● YOUR OBJECTIVE: Transcribe, verbatim, every line from the start of the entries through the line that contains "#27=AXIS2_PLACEMENT_3D('',#24,#25,#26);"; include both boundary lines and omit all others.

=== Section Start ===

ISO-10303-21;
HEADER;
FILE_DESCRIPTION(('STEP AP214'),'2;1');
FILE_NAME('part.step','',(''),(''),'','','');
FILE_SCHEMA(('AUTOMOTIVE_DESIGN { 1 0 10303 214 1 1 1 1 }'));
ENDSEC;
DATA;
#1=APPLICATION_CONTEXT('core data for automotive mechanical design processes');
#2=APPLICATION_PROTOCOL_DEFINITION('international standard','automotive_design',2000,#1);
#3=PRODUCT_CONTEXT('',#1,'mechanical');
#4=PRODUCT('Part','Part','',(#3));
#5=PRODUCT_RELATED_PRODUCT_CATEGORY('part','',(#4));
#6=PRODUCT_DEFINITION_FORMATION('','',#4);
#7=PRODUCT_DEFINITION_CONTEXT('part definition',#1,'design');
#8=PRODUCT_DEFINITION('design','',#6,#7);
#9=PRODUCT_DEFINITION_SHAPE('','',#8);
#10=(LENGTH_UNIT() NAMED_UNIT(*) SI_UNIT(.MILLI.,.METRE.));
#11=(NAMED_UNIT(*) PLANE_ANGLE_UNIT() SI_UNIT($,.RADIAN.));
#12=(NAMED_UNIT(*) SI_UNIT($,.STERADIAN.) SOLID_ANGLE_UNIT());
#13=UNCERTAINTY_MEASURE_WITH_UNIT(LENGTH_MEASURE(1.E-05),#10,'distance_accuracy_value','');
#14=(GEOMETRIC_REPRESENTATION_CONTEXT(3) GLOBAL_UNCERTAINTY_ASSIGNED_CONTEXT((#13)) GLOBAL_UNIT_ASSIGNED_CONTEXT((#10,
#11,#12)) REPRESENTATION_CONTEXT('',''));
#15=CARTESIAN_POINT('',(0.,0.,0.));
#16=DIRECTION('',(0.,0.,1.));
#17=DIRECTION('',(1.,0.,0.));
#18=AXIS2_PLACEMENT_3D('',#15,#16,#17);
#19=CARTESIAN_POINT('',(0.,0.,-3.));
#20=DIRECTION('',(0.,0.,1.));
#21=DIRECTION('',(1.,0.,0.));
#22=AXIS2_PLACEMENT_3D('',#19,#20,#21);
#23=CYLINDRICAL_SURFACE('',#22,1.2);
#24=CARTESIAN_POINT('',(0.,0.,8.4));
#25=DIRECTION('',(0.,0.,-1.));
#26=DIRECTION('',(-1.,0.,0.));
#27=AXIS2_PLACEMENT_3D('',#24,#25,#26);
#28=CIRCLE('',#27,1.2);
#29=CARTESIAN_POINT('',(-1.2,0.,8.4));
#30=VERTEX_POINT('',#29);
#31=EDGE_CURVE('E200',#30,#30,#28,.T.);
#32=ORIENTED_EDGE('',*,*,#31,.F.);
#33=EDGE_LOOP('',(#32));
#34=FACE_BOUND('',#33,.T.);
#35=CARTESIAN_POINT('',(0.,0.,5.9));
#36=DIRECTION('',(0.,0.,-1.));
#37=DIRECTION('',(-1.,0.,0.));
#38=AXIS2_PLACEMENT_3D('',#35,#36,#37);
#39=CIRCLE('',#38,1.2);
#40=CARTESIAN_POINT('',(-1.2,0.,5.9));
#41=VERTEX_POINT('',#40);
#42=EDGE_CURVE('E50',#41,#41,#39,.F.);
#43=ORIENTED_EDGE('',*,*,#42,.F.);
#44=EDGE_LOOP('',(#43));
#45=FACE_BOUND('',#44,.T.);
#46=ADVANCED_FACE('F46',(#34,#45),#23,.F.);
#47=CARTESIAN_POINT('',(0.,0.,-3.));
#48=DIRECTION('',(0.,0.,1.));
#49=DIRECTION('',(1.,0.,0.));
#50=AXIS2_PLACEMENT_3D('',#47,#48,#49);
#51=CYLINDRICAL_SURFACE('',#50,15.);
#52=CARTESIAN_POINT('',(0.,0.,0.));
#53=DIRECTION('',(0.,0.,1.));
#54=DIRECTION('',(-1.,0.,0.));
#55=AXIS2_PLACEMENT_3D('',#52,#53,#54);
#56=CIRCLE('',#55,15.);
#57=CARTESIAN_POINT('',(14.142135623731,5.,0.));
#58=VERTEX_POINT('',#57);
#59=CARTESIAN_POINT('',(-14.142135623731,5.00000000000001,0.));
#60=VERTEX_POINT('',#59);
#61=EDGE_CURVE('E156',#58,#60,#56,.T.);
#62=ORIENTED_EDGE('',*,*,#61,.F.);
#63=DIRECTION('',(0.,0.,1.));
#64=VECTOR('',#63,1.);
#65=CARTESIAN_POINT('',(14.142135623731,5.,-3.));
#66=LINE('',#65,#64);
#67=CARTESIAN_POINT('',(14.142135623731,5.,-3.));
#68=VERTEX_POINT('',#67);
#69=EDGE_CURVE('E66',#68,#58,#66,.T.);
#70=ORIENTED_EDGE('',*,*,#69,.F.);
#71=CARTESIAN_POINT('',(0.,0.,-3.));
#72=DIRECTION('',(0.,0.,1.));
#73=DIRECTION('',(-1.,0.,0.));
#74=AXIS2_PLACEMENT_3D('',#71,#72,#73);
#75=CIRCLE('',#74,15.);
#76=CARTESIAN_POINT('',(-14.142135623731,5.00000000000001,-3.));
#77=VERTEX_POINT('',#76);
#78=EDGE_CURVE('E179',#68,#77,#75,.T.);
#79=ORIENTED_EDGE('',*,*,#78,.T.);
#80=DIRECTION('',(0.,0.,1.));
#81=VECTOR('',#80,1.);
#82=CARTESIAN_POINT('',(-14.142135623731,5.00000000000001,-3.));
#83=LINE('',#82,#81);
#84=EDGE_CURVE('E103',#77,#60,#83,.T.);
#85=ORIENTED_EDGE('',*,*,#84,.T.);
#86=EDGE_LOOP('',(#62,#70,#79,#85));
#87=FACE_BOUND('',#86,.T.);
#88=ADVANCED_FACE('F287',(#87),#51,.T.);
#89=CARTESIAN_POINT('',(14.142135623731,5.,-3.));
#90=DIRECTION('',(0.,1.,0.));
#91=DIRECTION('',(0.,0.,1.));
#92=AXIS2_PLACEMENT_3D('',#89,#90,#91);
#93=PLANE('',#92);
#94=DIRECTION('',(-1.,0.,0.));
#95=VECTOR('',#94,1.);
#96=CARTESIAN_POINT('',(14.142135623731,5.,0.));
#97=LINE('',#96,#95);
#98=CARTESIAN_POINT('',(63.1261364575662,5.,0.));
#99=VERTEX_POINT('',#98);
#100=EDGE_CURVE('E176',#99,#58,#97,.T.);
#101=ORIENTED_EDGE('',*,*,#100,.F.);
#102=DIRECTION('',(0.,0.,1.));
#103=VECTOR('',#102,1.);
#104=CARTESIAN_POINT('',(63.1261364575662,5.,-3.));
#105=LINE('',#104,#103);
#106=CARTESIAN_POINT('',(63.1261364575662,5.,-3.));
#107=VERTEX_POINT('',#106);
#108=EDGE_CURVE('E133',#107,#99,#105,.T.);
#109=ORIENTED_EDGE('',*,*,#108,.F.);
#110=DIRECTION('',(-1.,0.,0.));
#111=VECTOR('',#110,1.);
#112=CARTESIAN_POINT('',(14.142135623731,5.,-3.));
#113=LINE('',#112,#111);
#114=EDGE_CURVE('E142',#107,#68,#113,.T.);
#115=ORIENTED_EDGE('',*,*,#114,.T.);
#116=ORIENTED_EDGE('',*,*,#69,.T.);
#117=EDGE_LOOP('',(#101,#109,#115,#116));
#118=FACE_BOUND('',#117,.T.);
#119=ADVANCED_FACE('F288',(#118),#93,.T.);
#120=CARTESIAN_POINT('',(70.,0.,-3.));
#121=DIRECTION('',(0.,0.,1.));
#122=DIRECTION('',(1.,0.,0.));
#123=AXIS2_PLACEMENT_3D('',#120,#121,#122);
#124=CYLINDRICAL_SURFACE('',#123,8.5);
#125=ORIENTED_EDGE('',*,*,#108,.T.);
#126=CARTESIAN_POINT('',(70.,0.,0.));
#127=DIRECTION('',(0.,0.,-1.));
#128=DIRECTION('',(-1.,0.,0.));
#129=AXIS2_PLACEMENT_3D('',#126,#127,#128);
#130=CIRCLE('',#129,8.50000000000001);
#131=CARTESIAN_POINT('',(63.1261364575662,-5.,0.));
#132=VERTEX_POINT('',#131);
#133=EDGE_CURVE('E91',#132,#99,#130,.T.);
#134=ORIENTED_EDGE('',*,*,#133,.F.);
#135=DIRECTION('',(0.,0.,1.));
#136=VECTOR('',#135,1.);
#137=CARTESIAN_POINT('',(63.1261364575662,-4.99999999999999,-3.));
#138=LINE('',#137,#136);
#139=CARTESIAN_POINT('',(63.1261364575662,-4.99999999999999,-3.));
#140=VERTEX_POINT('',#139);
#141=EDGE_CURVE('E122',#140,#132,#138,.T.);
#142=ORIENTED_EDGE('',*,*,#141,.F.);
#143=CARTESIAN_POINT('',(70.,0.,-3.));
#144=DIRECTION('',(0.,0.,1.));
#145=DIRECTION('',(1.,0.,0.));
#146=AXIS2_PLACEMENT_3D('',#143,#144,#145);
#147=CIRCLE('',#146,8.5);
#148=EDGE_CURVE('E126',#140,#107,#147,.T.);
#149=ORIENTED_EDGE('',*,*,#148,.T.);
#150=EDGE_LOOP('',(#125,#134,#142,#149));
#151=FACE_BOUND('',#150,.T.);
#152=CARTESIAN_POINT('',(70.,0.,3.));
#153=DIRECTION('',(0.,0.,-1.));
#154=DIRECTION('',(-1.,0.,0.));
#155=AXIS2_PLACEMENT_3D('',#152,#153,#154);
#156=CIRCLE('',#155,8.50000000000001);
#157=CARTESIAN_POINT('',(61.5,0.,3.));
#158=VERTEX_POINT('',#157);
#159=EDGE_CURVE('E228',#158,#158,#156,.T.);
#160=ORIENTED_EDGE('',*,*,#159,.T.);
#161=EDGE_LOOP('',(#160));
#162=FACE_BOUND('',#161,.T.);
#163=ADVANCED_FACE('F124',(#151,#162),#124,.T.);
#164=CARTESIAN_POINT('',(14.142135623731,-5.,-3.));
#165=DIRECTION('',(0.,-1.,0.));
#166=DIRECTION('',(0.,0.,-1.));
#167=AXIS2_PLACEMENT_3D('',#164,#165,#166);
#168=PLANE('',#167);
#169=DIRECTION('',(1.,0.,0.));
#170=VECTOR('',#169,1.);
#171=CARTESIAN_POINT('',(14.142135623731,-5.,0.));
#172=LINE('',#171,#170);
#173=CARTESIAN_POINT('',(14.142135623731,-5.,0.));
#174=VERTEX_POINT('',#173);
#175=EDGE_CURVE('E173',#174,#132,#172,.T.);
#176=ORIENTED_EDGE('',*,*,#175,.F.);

=== Section End ===

● RESULT OF THIS TASK:
ISO-10303-21;
HEADER;
FILE_DESCRIPTION(('STEP AP214'),'2;1');
FILE_NAME('part.step','',(''),(''),'','','');
FILE_SCHEMA(('AUTOMOTIVE_DESIGN { 1 0 10303 214 1 1 1 1 }'));
ENDSEC;
DATA;
#1=APPLICATION_CONTEXT('core data for automotive mechanical design processes');
#2=APPLICATION_PROTOCOL_DEFINITION('international standard','automotive_design',2000,#1);
#3=PRODUCT_CONTEXT('',#1,'mechanical');
#4=PRODUCT('Part','Part','',(#3));
#5=PRODUCT_RELATED_PRODUCT_CATEGORY('part','',(#4));
#6=PRODUCT_DEFINITION_FORMATION('','',#4);
#7=PRODUCT_DEFINITION_CONTEXT('part definition',#1,'design');
#8=PRODUCT_DEFINITION('design','',#6,#7);
#9=PRODUCT_DEFINITION_SHAPE('','',#8);
#10=(LENGTH_UNIT() NAMED_UNIT(*) SI_UNIT(.MILLI.,.METRE.));
#11=(NAMED_UNIT(*) PLANE_ANGLE_UNIT() SI_UNIT($,.RADIAN.));
#12=(NAMED_UNIT(*) SI_UNIT($,.STERADIAN.) SOLID_ANGLE_UNIT());
#13=UNCERTAINTY_MEASURE_WITH_UNIT(LENGTH_MEASURE(1.E-05),#10,'distance_accuracy_value','');
#14=(GEOMETRIC_REPRESENTATION_CONTEXT(3) GLOBAL_UNCERTAINTY_ASSIGNED_CONTEXT((#13)) GLOBAL_UNIT_ASSIGNED_CONTEXT((#10,
#11,#12)) REPRESENTATION_CONTEXT('',''));
#15=CARTESIAN_POINT('',(0.,0.,0.));
#16=DIRECTION('',(0.,0.,1.));
#17=DIRECTION('',(1.,0.,0.));
#18=AXIS2_PLACEMENT_3D('',#15,#16,#17);
#19=CARTESIAN_POINT('',(0.,0.,-3.));
#20=DIRECTION('',(0.,0.,1.));
#21=DIRECTION('',(1.,0.,0.));
#22=AXIS2_PLACEMENT_3D('',#19,#20,#21);
#23=CYLINDRICAL_SURFACE('',#22,1.2);
#24=CARTESIAN_POINT('',(0.,0.,8.4));
#25=DIRECTION('',(0.,0.,-1.));
#26=DIRECTION('',(-1.,0.,0.));
#27=AXIS2_PLACEMENT_3D('',#24,#25,#26);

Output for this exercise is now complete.